[[ MATERIAL FOR THE TASK open ]]

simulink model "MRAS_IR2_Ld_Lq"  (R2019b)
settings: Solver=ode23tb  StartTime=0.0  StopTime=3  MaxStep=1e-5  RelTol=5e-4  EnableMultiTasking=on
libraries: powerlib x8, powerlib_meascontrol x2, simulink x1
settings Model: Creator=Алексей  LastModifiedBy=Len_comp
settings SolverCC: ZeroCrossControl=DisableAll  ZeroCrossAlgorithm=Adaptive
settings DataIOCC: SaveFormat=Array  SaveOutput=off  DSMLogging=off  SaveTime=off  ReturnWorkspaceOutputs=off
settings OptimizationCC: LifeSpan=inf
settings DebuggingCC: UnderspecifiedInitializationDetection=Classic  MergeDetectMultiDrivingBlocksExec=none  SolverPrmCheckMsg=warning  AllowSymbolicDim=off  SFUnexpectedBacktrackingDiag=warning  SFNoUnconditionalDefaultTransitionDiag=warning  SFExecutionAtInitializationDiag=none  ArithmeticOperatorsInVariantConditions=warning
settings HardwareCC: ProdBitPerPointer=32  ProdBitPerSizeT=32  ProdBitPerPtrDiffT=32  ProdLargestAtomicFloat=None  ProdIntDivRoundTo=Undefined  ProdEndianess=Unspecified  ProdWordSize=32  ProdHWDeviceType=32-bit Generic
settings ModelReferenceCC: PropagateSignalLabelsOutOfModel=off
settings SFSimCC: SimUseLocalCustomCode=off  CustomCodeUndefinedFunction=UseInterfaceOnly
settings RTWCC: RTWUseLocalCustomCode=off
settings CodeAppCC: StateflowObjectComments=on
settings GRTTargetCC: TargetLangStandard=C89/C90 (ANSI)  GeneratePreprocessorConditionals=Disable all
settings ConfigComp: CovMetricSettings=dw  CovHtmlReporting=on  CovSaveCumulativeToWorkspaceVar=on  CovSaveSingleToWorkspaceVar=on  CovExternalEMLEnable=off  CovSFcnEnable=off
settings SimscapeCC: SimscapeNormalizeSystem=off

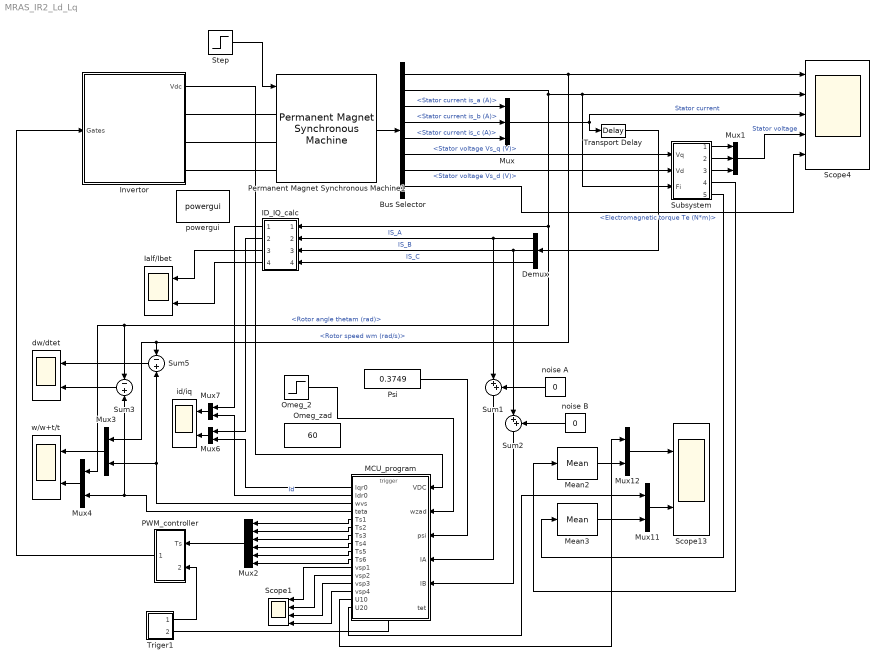
== system MRAS_IR2_Ld_Lq ==
  Bus Selector : BusSelector  OutputSignals=Rotor speed wm (rad/s),Rotor angle thetam (rad),Stator current is_a (A),Stator current is_b (A),Stator current is_c (A),Stator voltage Vs_q (V),Stator voltage Vs_d (V),Electromagnetic torque Te (N*m)
  Demux : Demux  Outputs=3
  ID_IQ_calc : Subsystem
  Ialf/Ibet : Scope  NumInputPorts=2
  Invertor : Subsystem
  MCU_program : MATLAB Function  TreatAsAtomicUnit=on
  Mean2 : powerlib_meascontrol/Measurements/Mean  Freq=10000  Vinit=0  Ts=0
      settings: SourceProductName=Simscape Electrical
  Mean3 : powerlib_meascontrol/Measurements/Mean  Freq=10000  Vinit=0  Ts=0
      settings: SourceProductName=Simscape Electrical
  Mux : Mux  Inputs=3
  Mux1 : Mux  Inputs=3
  Mux{3..4,6..7,11..12} (6 alike) : Mux  Inputs=2
  Mux2 : Mux  Inputs=6
  Omeg_2 : Step  Time=2.4  Before=60  After=100  SampleTime=0
  Omeg_zad : Constant  Value=60
  PWM_controller : Subsystem
  Permanent Magnet Synchronous Machine1 : powerlib/Machines/Permanent Magnet Synchronous Machine  NbPhases=3  FluxDistribution=Sinusoidal  RotorType=Salient-pole  MechanicalLoad=Torque Tm  PresetModel=No  ShowDetailedParameters=on  MeasurementBus=off  Resistance=13.75  Inductance=8.5e-3  dqInductances=[44e-3,39.8e-3]  La=40e-3  MachineConstant=Voltage Constant (V_peak L-L / krpm)  Flux=0.3749  VoltageCst=68  TorqueCst=0.56236  Flat=120  Mechanical=[2e-04 3e-03 1 0]  PolePairs=1  InitialConditions=[0,0, 0,0]  InitialConditions5ph=[0 0 0 0 0 0]  RefAngle=Aligned with phase A axis (original Park)  IterativeDiscreteModel=Trapezoidal non iterative  TsBlock=-1  TsPowergui=0
  Psi : Constant  Value=0.3749
  Scope1 : Scope  NumInputPorts=4
  Scope13 : Scope  NumInputPorts=2
  Scope4 : Scope  NumInputPorts=5
  Step : Step  Time=1.8  Before=0.02  After=0.07  SampleTime=0
  Subsystem : Subsystem
  Sum1 : Sum  Inputs=|++
  Sum2 : Sum  Inputs=|++
  Sum3 : Sum  Inputs=-+
  Sum5 : Sum  Inputs=-+
  Transport Delay : TransportDelay  DelayTime=5e-6
  Triger1 : Subsystem
  dw/dtet : Scope  NumInputPorts=2
  id/iq : Scope  NumInputPorts=2
  noise A : Constant  Value=0
  noise B : Constant  Value=0
  powergui : powerlib/powergui  Priority=1  SimulationMode=Continuous  SampleTime=50e-6  frequency=60  Iterations=50  frequencyindice=0  Pbase=100e6  ErrMax=1e-4  UnitsV=kV  UnitsW=MW  buscounter=0  FunctionMessages=off  echomessages=off  EnableUseOfTLC=off  CurrentSourceSwitches=on  DisableSnubberDevices=off  DisableRonSwitches=off  DisableVfSwitches=off  DisplayEquations=off  AutomaticDiscreteSolvers=off  SolverType=Tustin  Interpol=off  ExternalGateDelay=off  methode=off  Ts=0  x0status=blocks  SPID=off  SwTol=0  HookPort=off  NonlinearTolerance=1e-4  nMaxIteration=100  ContinueOnMaxIteration=off  RestoreLinks=warning  ResistiveCurrentMeasurement=off  Frange=[0:2:500]  Ylog=off  Xlog=on  ShowGrid=off  save=off  variable=ZData  structure=SD2  ZoomFFT=on  StartTime=0.7  cycles=10  DisplayStyle=4  fundamental=382  FreqAxis=off  MaxFrequency=50000  frequencyindicesteady=1  RmsSteady=1  display=off
      settings: SourceProductName=Simscape Electrical
  w/w+t/t : Scope  NumInputPorts=2
  wires:
  Demux/1 -> ID_IQ_calc/2(In2), Sum1/1  "IS_A"
  Demux/2 -> ID_IQ_calc/3(In3), Sum2/1  "IS_B"
  MCU_program/2(Idr0) -> Mux7/2  "Id"
  Omeg_2/1 -> MCU_program/2(wzad)
  Permanent Magnet Synchronous Machine1/1 -> Bus Selector/1
  Bus Selector/3 -> Mux/1  "<Stator current is_a (A)>"
  Bus Selector/4 -> Mux/2  "<Stator current is_b (A)>"
  Bus Selector/5 -> Mux/3  "<Stator current is_c (A)>"
  Bus Selector/6 -> Subsystem/1(Vq)  "<Stator voltage Vs_q (V)>"
  Bus Selector/7 -> Subsystem/2(Vd)  "<Stator voltage Vs_d (V)>"
  Subsystem/2(Out2) -> Mux1/2
  Subsystem/3(Out3) -> Mux1/3
  Subsystem/1(Out1) -> Mux1/1
  Mux/1 -> Scope4/3, Transport Delay/1  "Stator current"
  MCU_program/3(wvs) -> Mux3/2, Sum5/2
  Mux1/1 -> Scope4/4  "Stator voltage"
  Bus Selector/8 -> Scope4/5  "<Electromagnetic torque Te (N*m)>"
  Mux7/1 -> id/iq/1
  Mux6/1 -> id/iq/2
  Demux/3 -> ID_IQ_calc/4(In4)  "IS_C"
  Sum3/1 -> dw/dtet/2
  Sum5/1 -> dw/dtet/1
  MCU_program/4(teta) -> Mux4/2, Sum3/2
  ID_IQ_calc/1(Out1) -> Mux7/1
  ID_IQ_calc/2(Out2) -> Mux6/1
  Step/1 -> Permanent Magnet Synchronous Machine1/1
  MCU_program/5(Ts1) -> Mux2/1
  MCU_program/6(Ts2) -> Mux2/2
  MCU_program/7(Ts3) -> Mux2/3
  MCU_program/8(Ts4) -> Mux2/4
  MCU_program/9(Ts5) -> Mux2/5
  MCU_program/10(Ts6) -> Mux2/6
  Mux2/1 -> PWM_controller/1(Ts)
  Triger1/1(1) -> PWM_controller/2(pila)
  PWM_controller/1(Tss) -> Invertor/1(Gates)
  Mux3/1 -> w/w+t/t/1
  Mux4/1 -> w/w+t/t/2
  MCU_program/12(vsp2) -> Scope1/2
  MCU_program/13(vsp3) -> Scope1/3
  MCU_program/11(vsp1) -> Scope1/1
  Sum1/1 -> MCU_program/4(IA)
  Sum2/1 -> MCU_program/5(IB)
  Psi/1 -> MCU_program/3(psi)
  MCU_program/15(U10) -> Mux12/1
  Bus Selector/1 -> Scope4/1, Mux3/1, Sum5/1  "<Rotor speed wm (rad/s)>"
  Bus Selector/2 -> Mux4/1, Sum3/1, ID_IQ_calc/1(In1), Scope4/2, Subsystem/3(Fi)  "<Rotor angle thetam (rad)>"
  Triger1/2(2) -> MCU_program/Trigger
  MCU_program/16(U20) -> Mux11/1
  Mux12/1 -> Scope13/1
  Mux11/1 -> Scope13/2
  Mean3/1 -> Mux11/2
  Mean2/1 -> Mux12/2
  Invertor/1(Vdc) -> MCU_program/1(VDC)
  Subsystem/4(Out4) -> Mean2/1
  Subsystem/5(Out5) -> Mean3/1
  Transport Delay/1 -> Demux/1
  MCU_program/1(Iqr0) -> Mux6/2
  noise A/1 -> Sum1/2
  noise B/1 -> Sum2/2
  MCU_program/14(vsp4) -> Scope1/4
  ID_IQ_calc/3(Out3) -> Ialf/Ibet/1
  ID_IQ_calc/4(Out4) -> Ialf/Ibet/2
  connections:
  Permanent Magnet Synchronous Machine1/LConn1 -- Invertor/RConn1
  Invertor/RConn3 -- Permanent Magnet Synchronous Machine1/LConn3
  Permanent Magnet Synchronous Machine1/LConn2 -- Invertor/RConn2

[[ MATERIAL FOR THE TASK closed ]]

WHAT THE TASK ASKS: Retype exactly the lines above, from the one with "Step : Step" through the one with "noise B : Constant", inclusive.

TASK OUTPUT:
  Step : Step  Time=1.8  Before=0.02  After=0.07  SampleTime=0
  Subsystem : Subsystem
  Sum1 : Sum  Inputs=|++
  Sum2 : Sum  Inputs=|++
  Sum3 : Sum  Inputs=-+
  Sum5 : Sum  Inputs=-+
  Transport Delay : TransportDelay  DelayTime=5e-6
  Triger1 : Subsystem
  dw/dtet : Scope  NumInputPorts=2
  id/iq : Scope  NumInputPorts=2
  noise A : Constant  Value=0
  noise B : Constant  Value=0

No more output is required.